| Review of: | The strategic dynamics of Latin American trade edited by Vinod K. Aggarwal, Ralph H. Espach, Joseph S. Tulchin |
|---|---|
| Reviewed By: | Sean Burges |
| Reviewed in: | International Affairs |
| Date accepted online: | 25/11/2005 |
| Published in print: | Volume 81, Issue 3, Pages 635-667 |
Latin America and Caribbean
Trade liberalization in the Americas has not proceeded over the last few years as many had expected. Accelerated access to the US market has effectively been spurned with the near-collapse of Free Trade Area of the Americas (FTAA) talks, Mercosur has continued to bumble through successive crises despite repeated presidential commitments to strengthen the bloc and visions of a South American free trade area have largely been restricted to the elaboration of energy infrastructure matrices. The road to full trade liberalization in the Americas has, in short, been decidedly bumpy. Explaining this seemingly contradictory pattern of trade negotiations is the subject of the book under review.
The argument advanced by the contributors is that there is a strategic dynamic to trade policy in the Americas. Major regional economies such as Argentina, Brazil, Chile and Mexico are not besotted with guaranteeing access to the US, but rather are consciously shifting their trade negotiations to advance larger foreign policy prerogatives. The book begins with a theoretical chapter by Vinod K. Aggarwal and Ralph H. Espach, providing a framework for analysing a country's trade policy that takes into account the political and economic factors, on both an internal and external level, driving government action.
Joseph S. Tulchin's survey of soft power as a device for enhancing trade strategies draws on this theme, elaborating a vision that sees strategic trade policy employed as a device to improve national insertion into the post-Cold War global political economy. Significantly, this involves actions by regional states on a bilateral, sub-regional, hemispheric and globally multilateral basis. Sylvia Maxfield takes international aspects of the framework set out by Aggarwal and Espach and applies them to a domestic level, reaching the conclusion that business pressure for trade liberalization has not been the same in Argentina, Brazil, Chile and Mexico, leading to a conclusion that information and organizational structure play a key role in determining individual national policies.

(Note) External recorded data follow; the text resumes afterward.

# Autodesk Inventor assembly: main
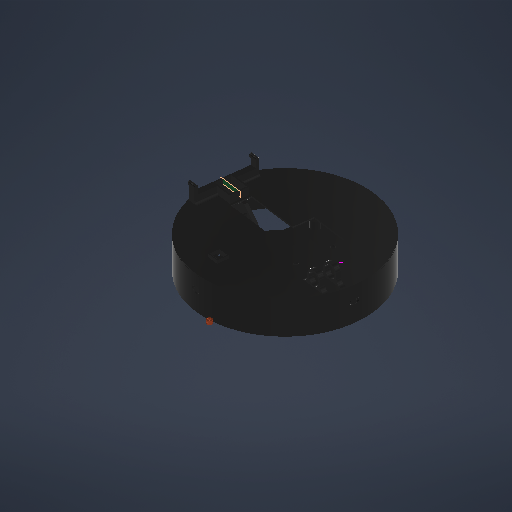
[picture p0: Inventor's stored thumbnail of the model, 512x512]
Saved by Autodesk Inventor 2027 (Build 310192060, 192F)
## iProperties
Created: 2026-04-20
Part Number: main
Document SubType Name: Assembly
Designer: User
Author: User
## Documents named in this file (31)
- C:\Users\Duszy\Desktop\Suntracker\Hardware\Model\main.iam
- C:\Users\Duszy\Desktop\Suntracker\Hardware\Model\Parts\PCB.ipt
- C:\Users\Duszy\Desktop\Suntracker\Hardware\Model\Parts\Middle_part.ipt
- C:\Users\Duszy\Desktop\Suntracker\Hardware\Model\Parts\Top_part.ipt
- C:\Users\Duszy\Desktop\Suntracker\Hardware\Model\Parts\Slip Ring SRM-12-06A\Slip Ring SRM-12-06A\Slip Ring SRM-12-06A.iam
- C:\Users\Duszy\Desktop\Suntracker\Hardware\Model\Parts\Bottom_part.ipt
- C:\Users\Duszy\Desktop\Suntracker\Hardware\Model\Parts\2349K727_Permanently Lubricated Ball Bearing\2349K727_Permanently Lubricated Ball Bearing.ipt
- C:\Users\Duszy\Desktop\Suntracker\Hardware\Model\Parts\N20 DC Gear Motor\N20 DC Gear Motor.ipt
- C:\Users\Duszy\Desktop\Suntracker\Hardware\Model\Parts\pulley_static.ipt
- C:\Users\Duszy\Desktop\Suntracker\Hardware\Model\Parts\pulley_drive.ipt
- C:\Users\Duszy\Desktop\Suntracker\Hardware\Model\Parts\Battery-403040_450mAh\Battery-403040_450mAh.ipt
- C:\Users\Duszy\Desktop\Suntracker\Hardware\Model\Parts\micro usb C Adafruit 4090 - corrected\micro usb C Adafruit 4090 - corrected.ipt
- C:\Users\Duszy\Desktop\Suntracker\Hardware\Model\Parts\LDR\LDR.ipt
- C:\Users\Duszy\Desktop\Suntracker\Hardware\Model\Parts\97048A751_Metric Lead Screw\97048A751_Metric Lead Screw.ipt
- C:\Users\Duszy\Desktop\Suntracker\Hardware\Model\Parts\7487N16_High-Precision Corrosion-Resistant 440C Stainless Steel Ball Bearing\7487N16_High-Precision Corrosion-Resistant 440C Stainless Steel Ball Bearing.ipt
- C:\Users\Duszy\Desktop\Suntracker\Hardware\Model\Parts\konik.ipt
- C:\Users\Duszy\Desktop\Suntracker\Hardware\Model\Parts\link_dom.ipt
- C:\Users\Duszy\Desktop\Suntracker\Hardware\Model\Parts\link_sub.ipt
- C:\Users\Duszy\Desktop\Suntracker\Hardware\Model\Parts\silnik_lock.ipt
- C:\Users\Duszy\Desktop\Suntracker\Hardware\Model\Parts\MicroServo-SG90\MicroServo-SG90.ipt
- C:\Users\Duszy\Desktop\Suntracker\Hardware\Model\Parts\Spur Gear 17 teeth.ipt
- C:\Users\Duszy\Desktop\Suntracker\Hardware\Model\Parts\Spur Gear 30 teeth.ipt
- C:\Users\Duszy\Desktop\Suntracker\Hardware\Model\Parts\flowerstand.ipt
- C:\Users\Duszy\Desktop\Suntracker\Hardware\Model\Parts\7487N13_High-Precision Corrosion-Resistant 440C Stainless Steel Ball Bearing\7487N13_High-Precision Corrosion-Resistant 440C Stainless Steel Ball Bearing.ipt
- C:\Users\Duszy\Desktop\Suntracker\Hardware\Model\Parts\Os_flower.ipt
- C:\Users\Duszy\Desktop\Suntracker\Hardware\Model\Parts\Panel_imitator.iam
- C:\Users\Duszy\Desktop\Suntracker\Hardware\Model\Parts\OS_NORMAL.ipt
- C:\Users\Duszy\Desktop\Suntracker\Hardware\Model\Parts\button 6x6\button 6x6.ipt
- C:\Users\Duszy\Desktop\Suntracker\Hardware\Model\Parts\98886A826_High-Strength High-Temperature PEEK Hex Nut\98886A826_High-Strength High-Temperature PEEK Hex Nut.ipt
- C:\Users\Duszy\Desktop\Suntracker\Hardware\Model\Parts\92000A113_Passivated 18-8 Stainless Steel Pan Head Phillips Screws\92000A113_Passivated 18-8 Stainless Steel Pan Head Phillips Screws.ipt
- C:\Users\Duszy\Desktop\Suntracker\Hardware\Model\Parts\94459A110_Heat-Set Inserts for Plastic\94459A110_Heat-Set Inserts for Plastic.ipt
## Components (54 placed, 30 different names)
1. PCB:1 — Obrotowe:5, Obrotowe:6
2. Middle_part:1 — Obrotowe:5, Obrotowe:18, Obrotowe:19, Sztywne:3, Sztywne:4
3. Top_part:1 — Obrotowe:6, Obrotowe:25, Obrotowe:27, Obrotowe:29, Obrotowe:30, Obrotowe:31, Sztywne:10
4. Slip Ring SRM-12-06A:1 [sub-assembly] — Obrotowe:17, Obrotowe:18, Obrotowe:19, Obrotowe:52
5. Bottom_part:1 — Sztywne:1, Sztywne:2, Obrotowe:15, Obrotowe:16, Obrotowe:17
6. 2349K727_Permanently Lubricated Ball Bearing:1 — Obrotowe:15
7. N20 DC Gear Motor:1 — Obrotowe:9, Sztywne:4
8. pulley_static:1 — Sztywne:1, Obrót:1
9. pulley_drive:1 — Obrotowe:9, Obrót:1
10. micro usb C Adafruit 4090 - corrected:1 — Obrotowe:16
11. 97048A751_Metric Lead Screw:1 — Walcowe:1, Walcowe:2
12. N20 DC Gear Motor:2 — Walcowe:1, Obrotowe:27
13. 7487N16_High-Precision Corrosion-Resistant 440C Stainless Steel Ball Bearing:1 — Obrotowe:21
14. konik:1 — Obrotowe:21, Obrotowe:22, Walcowe:2, Obrotowe:38, Obrotowe:50
15. 7487N16_High-Precision Corrosion-Resistant 440C Stainless Steel Ball Bearing:2 — Obrotowe:22
16. link_dom:1 — Obrotowe:36, Obrotowe:38, Obrotowe:39, Obrotowe:40, Walcowe:3, Sztywne:5
17. link_sub:1 — Obrotowe:28, Walcowe:3
18. 7487N16_High-Precision Corrosion-Resistant 440C Stainless Steel Ball Bearing:3 — Obrotowe:25, Obrotowe:28
19. 7487N16_High-Precision Corrosion-Resistant 440C Stainless Steel Ball Bearing:4 — Obrotowe:29, Obrotowe:49
20. silnik_lock:1 — Obrotowe:30, Obrotowe:31
21. MicroServo-SG90:1 — Obrotowe:32, Obrotowe:36, Obrotowe:39
22. Spur Gear 17 teeth:1 — Obrotowe:33, Obrotowe:40, Obrót:2, Obrotowe:42, Przejściowe:1
23. Spur Gear 30 teeth:1 — Obrotowe:32, Obrót:2
24. 7487N16_High-Precision Corrosion-Resistant 440C Stainless Steel Ball Bearing:5 — Obrotowe:33
25. 7487N13_High-Precision Corrosion-Resistant 440C Stainless Steel Ball Bearing:1 — Obrotowe:41
26. flowerstand:1 — Obrotowe:41, Obrotowe:42, Przejściowe:1, Sztywne:6, Obrotowe:46
27. Os_flower:1 — Sztywne:5
28. Panel_imitator:1 [sub-assembly] — Sztywne:6
29. 7487N13_High-Precision Corrosion-Resistant 440C Stainless Steel Ball Bearing:2 — Obrotowe:46
30. flowerstand:2 — Obrotowe:47
31. Panel_imitator:2 [sub-assembly]
32. 7487N13_High-Precision Corrosion-Resistant 440C Stainless Steel Ball Bearing:3 — Obrotowe:47
33. flowerstand:3 — Obrotowe:48
34. Panel_imitator:3 [sub-assembly]
35. 7487N13_High-Precision Corrosion-Resistant 440C Stainless Steel Ball Bearing:4
36. flowerstand:4 — Obrotowe:48
37. Panel_imitator:4 [sub-assembly]
38. OS_NORMAL:1 — Obrotowe:50
39. OS_NORMAL:2 — Obrotowe:49
40. button 6x6:1 — Sztywne:10
41. 94459A110_Heat-Set Inserts for Plastic:1
42. Battery-403040_450mAh:1 — Sztywne:2
43. Battery-403040_450mAh:2
44. Battery-403040_450mAh:3
45. LDR:1 — Sztywne:3
46. LDR:2
47. LDR:3
48. LDR:4
49. 92000A113_Passivated 18-8 Stainless Steel Pan Head Phillips Screws:1 — Obrotowe:51, Obrotowe:52
50. 98886A826_High-Strength High-Temperature PEEK Hex Nut:1 — Obrotowe:51
51. 92000A113_Passivated 18-8 Stainless Steel Pan Head Phillips Screws:2
52. 98886A826_High-Strength High-Temperature PEEK Hex Nut:2
53. 92000A113_Passivated 18-8 Stainless Steel Pan Head Phillips Screws:3
54. 98886A826_High-Strength High-Temperature PEEK Hex Nut:3
## Component patterns: (3 elements, first: Battery-403040_450mAh:1), (4 elements, first: LDR:1), (3 elements, first: 92000A113_Passivated 18-8 Stainless Steel Pan Head Phillips Screws:1 + 98886A826_High-Strength High-Temperature PEEK Hex Nut:1)
## Relationships (50: RevoluteJoint 34, WeldJoint 10, CylindricalJoint 3, RelateRotation 2, Transitional 1)
- Obrotowe:5 [RevoluteJoint] (-0.1 mm): PCB:1 ↔ Middle_part:1
- Obrotowe:6 [RevoluteJoint] (-0.1 mm): PCB:1 ↔ Top_part:1
- Obrotowe:9 [RevoluteJoint] (1 mm): N20 DC Gear Motor:1 ↔ pulley_drive:1
- Sztywne:1 [WeldJoint]: Bottom_part:1 ↔ pulley_static:1
- Sztywne:2 [WeldJoint] (0.3 mm): Bottom_part:1 ↔ Battery-403040_450mAh:1
- Obrotowe:15 [RevoluteJoint] (-3.1 mm): Bottom_part:1 ↔ 2349K727_Permanently Lubricated Ball Bearing:1
- Obrotowe:16 [RevoluteJoint] (-2.5 mm): Bottom_part:1 ↔ micro usb C Adafruit 4090 - corrected:1
- Obrotowe:17 [RevoluteJoint] (-2.3 mm): Slip Ring SRM-12-06A:1 ↔ Bottom_part:1
- Obrotowe:18 [RevoluteJoint] (-0.2 mm): Middle_part:1 ↔ Slip Ring SRM-12-06A:1
- Obrotowe:19 [RevoluteJoint] (-0.2 mm): Middle_part:1 ↔ Slip Ring SRM-12-06A:1
- Obrót:1 [RelateRotation] (5 ul): pulley_static:1 ↔ pulley_drive:1
- Sztywne:3 [WeldJoint]: Middle_part:1 ↔ LDR:1
- Walcowe:1 [CylindricalJoint]: 97048A751_Metric Lead Screw:1 ↔ N20 DC Gear Motor:2
- Obrotowe:21 [RevoluteJoint] (-2.85 mm): 7487N16_High-Precision Corrosion-Resistant 440C Stainless Steel Ball Bearing:1 ↔ konik:1
- Obrotowe:22 [RevoluteJoint] (-2.85 mm): konik:1 ↔ 7487N16_High-Precision Corrosion-Resistant 440C Stainless Steel Ball Bearing:2
- Obrotowe:25 [RevoluteJoint] (-2.8 mm): Top_part:1 ↔ 7487N16_High-Precision Corrosion-Resistant 440C Stainless Steel Ball Bearing:3
- Obrotowe:27 [RevoluteJoint]: Top_part:1 ↔ N20 DC Gear Motor:2
- Obrotowe:28 [RevoluteJoint] (0.1 mm): link_sub:1 ↔ 7487N16_High-Precision Corrosion-Resistant 440C Stainless Steel Ball Bearing:3
- Walcowe:2 [CylindricalJoint]: 97048A751_Metric Lead Screw:1 ↔ konik:1
- Obrotowe:29 [RevoluteJoint]: Top_part:1 ↔ 7487N16_High-Precision Corrosion-Resistant 440C Stainless Steel Ball Bearing:4
- Obrotowe:30 [RevoluteJoint] (-0.1 mm): Top_part:1 ↔ silnik_lock:1
- Obrotowe:31 [RevoluteJoint] (-0.1 mm): Top_part:1 ↔ silnik_lock:1
- Sztywne:4 [WeldJoint]: Middle_part:1 ↔ N20 DC Gear Motor:1
- Obrotowe:32 [RevoluteJoint]: MicroServo-SG90:1 ↔ Spur Gear 30 teeth:1
- Obrotowe:33 [RevoluteJoint] (-0.23 mm): Spur Gear 17 teeth:1 ↔ 7487N16_High-Precision Corrosion-Resistant 440C Stainless Steel Ball Bearing:5
- Obrotowe:36 [RevoluteJoint]: link_dom:1 ↔ MicroServo-SG90:1
- Obrotowe:38 [RevoluteJoint] (-0.1 mm): konik:1 ↔ link_dom:1
- Obrotowe:39 [RevoluteJoint]: link_dom:1 ↔ MicroServo-SG90:1
- Obrotowe:40 [RevoluteJoint]: link_dom:1 ↔ Spur Gear 17 teeth:1
- Obrót:2 [RelateRotation] (1.7647 ul): Spur Gear 17 teeth:1 ↔ Spur Gear 30 teeth:1
- Obrotowe:41 [RevoluteJoint]: 7487N13_High-Precision Corrosion-Resistant 440C Stainless Steel Ball Bearing:1 ↔ flowerstand:1
- Obrotowe:42 [RevoluteJoint] (0.2 mm): Spur Gear 17 teeth:1 ↔ flowerstand:1
- Przejściowe:1 [Transitional]: Spur Gear 17 teeth:1 ↔ flowerstand:1
- Walcowe:3 [CylindricalJoint]: link_dom:1 ↔ link_sub:1
- Sztywne:5 [WeldJoint] (-1 mm): link_dom:1 ↔ Os_flower:1
- Sztywne:6 [WeldJoint]: flowerstand:1 ↔ Panel_imitator:1
- [RevoluteJoint]: 7487N13_High-Precision Corrosion-Resistant 440C Stainless Steel Ball Bearing:2 ↔ flowerstand:2
- [WeldJoint]: flowerstand:2 ↔ Panel_imitator:2
- [RevoluteJoint]: 7487N13_High-Precision Corrosion-Resistant 440C Stainless Steel Ball Bearing:3 ↔ flowerstand:3
- [WeldJoint]: flowerstand:3 ↔ Panel_imitator:3
- [RevoluteJoint]: 7487N13_High-Precision Corrosion-Resistant 440C Stainless Steel Ball Bearing:4 ↔ flowerstand:4
- [WeldJoint]: flowerstand:4 ↔ Panel_imitator:4
- Obrotowe:46 [RevoluteJoint] (-0.2 mm): flowerstand:1 ↔ 7487N13_High-Precision Corrosion-Resistant 440C Stainless Steel Ball Bearing:2
- Obrotowe:47 [RevoluteJoint] (-0.2 mm): flowerstand:2 ↔ 7487N13_High-Precision Corrosion-Resistant 440C Stainless Steel Ball Bearing:3
- Obrotowe:48 [RevoluteJoint] (-0.2 mm): flowerstand:3 ↔ flowerstand:4
- Obrotowe:49 [RevoluteJoint] (-0.5 mm): 7487N16_High-Precision Corrosion-Resistant 440C Stainless Steel Ball Bearing:4 ↔ OS_NORMAL:2
- Obrotowe:50 [RevoluteJoint] (-0.5 mm): konik:1 ↔ OS_NORMAL:1
- Sztywne:10 [WeldJoint]: Top_part:1 ↔ button 6x6:1
- Obrotowe:51 [RevoluteJoint]: 92000A113_Passivated 18-8 Stainless Steel Pan Head Phillips Screws:1 ↔ 98886A826_High-Strength High-Temperature PEEK Hex Nut:1
- Obrotowe:52 [RevoluteJoint]: Slip Ring SRM-12-06A:1 ↔ 92000A113_Passivated 18-8 Stainless Steel Pan Head Phillips Screws:1
## Named parameters: d417_d372 = 0 mm, d418_d373 = 11.795177 deg, d419_d416 = 0 mm, d420_d372 = 0 mm, d421_d373 = 97.877645 deg, d422_d416 = 0 mm, d423_d372 = 0 mm, d424_d373 = -92.518453 deg, d425_d416 = 0 mm

Carol Wise subjects the FTAA to the analytical lens of the theoretical framework framing this text. The results are significant for understanding why the FTAA has stalled, which Wise summarizes as resulting from distributional strains in regional countries and on a sub-regional level a lack of political or economic consensus that an FTAA is necessary. Recent proliferation of trade agreements in Latin America is addressed by José Salazar-Xirinachs. Rather than being explicable as simply a desire for expanded market access, Salazar-Xirinachs points to a range of factors that not only address various aspects of trade, but also include forward political, economic and security positioning on a continental and global level. The point here is that there can be a very strong strategic element to trade policy in the Americas. Argentina, however, in some respects emerges as the exception to the rule, with the account offered by Eduardo Ablin and Roberto Bouzas highlighting the reactive and at times ad hoc approach to trade policy that has marked successive Argentine governments. Brazil, as explained by Pedro da Motta Veiga, offers a markedly different example, with that country's foreign ministry standing out as an exemplar of trade diplomacy being used to advance a multiplicity of foreign policy objectives. Indeed, da Motta Veiga's account is one of the most nuanced analyses of Brazilian foreign policy published in recent years. The account of Chilean trade policy provided by Osvaldo Rosales is equally revealing of the long-term strategy driving Santiago's decisions, linking international trade issues back to domestic political and economic realities. Antonio Ortiz Mena continues the theme of explicating the strategic elements of regional trade policies by setting out the logic underpinning Mexico's decision to sign up to the North American Free Trade Agreement and subsequent attempts to position itself as a regional trade hub between the US and the rest of Latin America, an initiative which has itself elicited reactive strategies from Brazil. One of these Brazilian trade strategies, the Southern Cone trade bloc Mercosur, is examined by Alcides Costa Vaz, who eschews the almost traditional suggestion that the bloc is destined for a bright future by addressing some of the internal tensions that wrack it before turning to a careful assessment of the bloc's potential for future success.
As the contributors quietly suggest throughout the various chapters, trade policy is about far more than the simple exchange of goods, a lesson that permeates early works on international trade but appears to have faded in recent times. The major contribution that this important book offers is a full consideration of the strategic dimensions of the trade policies pursued by Latin America's largest economies. Policy-makers, students and scholars interested in Latin American trade issues will find this book a valuable addition to their libraries and an invaluable reference tool.